Data were analyzed using IBM SPSS Statistics (version 23) and GraphPad Prism (version 7) software. One-way analysis of variance (ANOVA) with post-hoc testing compared the differences for continuous parameters and x2 testing compared differences for categorical variables. SNPs were tested for their association with aPWV by stepwise linear regression using an additive model after adjusting for confounding factors associated with aPWV, and the specific portion of variance explained by an R2 change. Unpaired t-test with Welch’s correction were used to compare differences between the two homozygous allele carriers of SNPs and their transcript levels. All the values are expressed as means ± SD in tables, and means ± SEM in figures. A probability value of <0.05 was considered significant.

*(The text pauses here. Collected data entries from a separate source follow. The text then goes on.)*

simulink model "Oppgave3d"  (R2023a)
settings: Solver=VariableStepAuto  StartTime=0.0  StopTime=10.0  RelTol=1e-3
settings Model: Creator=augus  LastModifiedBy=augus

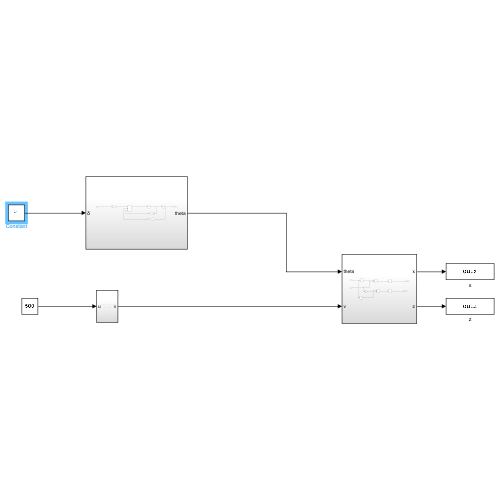
[thumbnail: Simulink's stored preview of the top-level diagram]
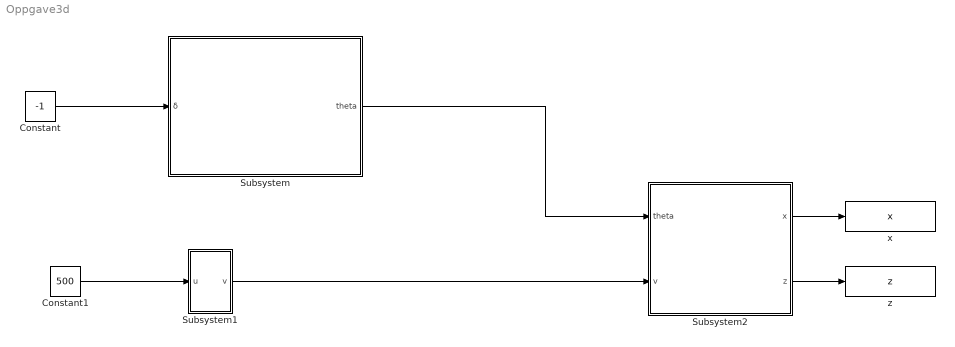
== system Oppgave3d ==
  Constant : Constant  Value=-1
  Constant1 : Constant  Value=500
  Subsystem : Subsystem
  Subsystem1 : Subsystem
  Subsystem2 : Subsystem
  x : ToWorkspace  VariableName=x  SaveFormat=Timeseries  SampleTime=-1
  z : ToWorkspace  VariableName=z  SaveFormat=Timeseries  SampleTime=-1
  wires:
  Subsystem2/2(z) -> z/1
  Constant/1 -> Subsystem/1(δ)
  Constant1/1 -> Subsystem1/1(u)
  Subsystem2/1(x) -> x/1
  Subsystem1/1(v) -> Subsystem2/2(v)
  Subsystem/1(theta) -> Subsystem2/1(theta)

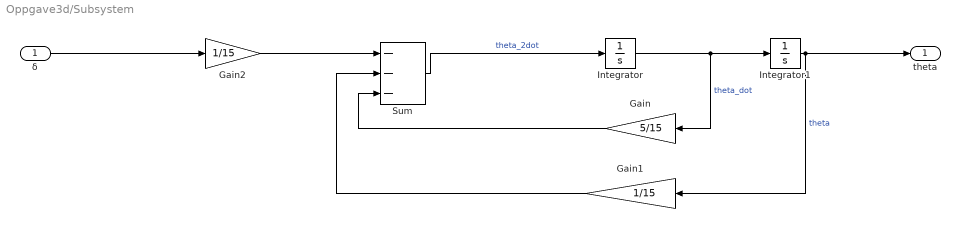
== system Oppgave3d/Subsystem ==
  δ : Inport
  Gain : Gain  Gain=5/15
  Gain1 : Gain  Gain=1/15
  Gain2 : Gain  Gain=1/15
  Integrator : Integrator
  Integrator1 : Integrator
  Sum : Sum  Inputs=---
  theta : Outport
  wires:
  Integrator1/1 -> Gain1/1, theta/1  "theta"
  Integrator/1 -> Gain/1, Integrator1/1  "theta_dot"
  Sum/1 -> Integrator/1  "theta_2dot"
  δ/1 -> Gain2/1
  Gain2/1 -> Sum/1
  Gain/1 -> Sum/3
  Gain1/1 -> Sum/2

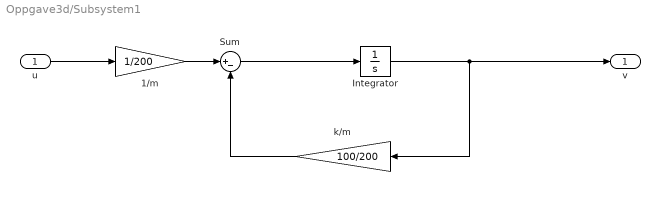
== system Oppgave3d/Subsystem1 ==
  u : Inport
  1/m : Gain  Gain=1/200
  Integrator : Integrator
  Sum : Sum  Inputs=|+-
  k/m : Gain  Gain=100/200
  v : Outport
  wires:
  k/m/1 -> Sum/2
  Integrator/1 -> v/1, k/m/1
  Sum/1 -> Integrator/1
  1/m/1 -> Sum/1
  u/1 -> 1/m/1

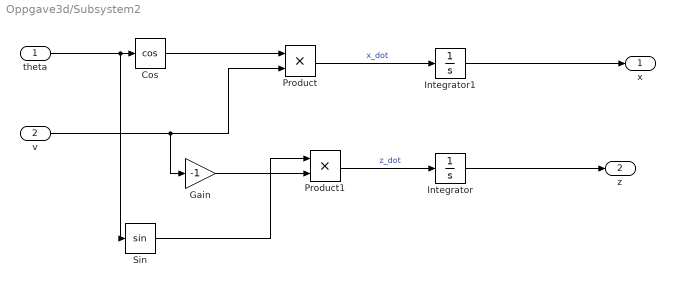
== system Oppgave3d/Subsystem2 ==
  theta : Inport
  v : Inport  Port=2
  Cos : Trigonometry  Operator=cos
  Gain : Gain  Gain=-1
  Integrator : Integrator
  Integrator1 : Integrator
  Product : Product
  Product1 : Product
  Sin : Trigonometry
  x : Outport
  z : Outport  Port=2
  wires:
  theta/1 -> Sin/1, Cos/1
  v/1 -> Gain/1, Product/2
  Cos/1 -> Product/1
  Sin/1 -> Product1/1
  Gain/1 -> Product1/2
  Product1/1 -> Integrator/1  "z_dot"
  Product/1 -> Integrator1/1  "x_dot"
  Integrator/1 -> z/1
  Integrator1/1 -> x/1

For ACAN and FBLN-1 western blot quantifications, statistical significance between groups was determined using non-parametric Mann-Whitney U test. Fold difference in ACAN and FBLN-1 gene expression between low and high EM donor samples was calculated using the 2−ΔCt method where ΔCt = ACAN Ct – GAPDH Ct or FBLN-1 Ct – GAPDH Ct, and statistical significance between low EM and high EM samples determined using the two-tailed Student’s t-test68. A post-hoc ANCOVA analysis was performed to account for confounding effect of age between the two groups.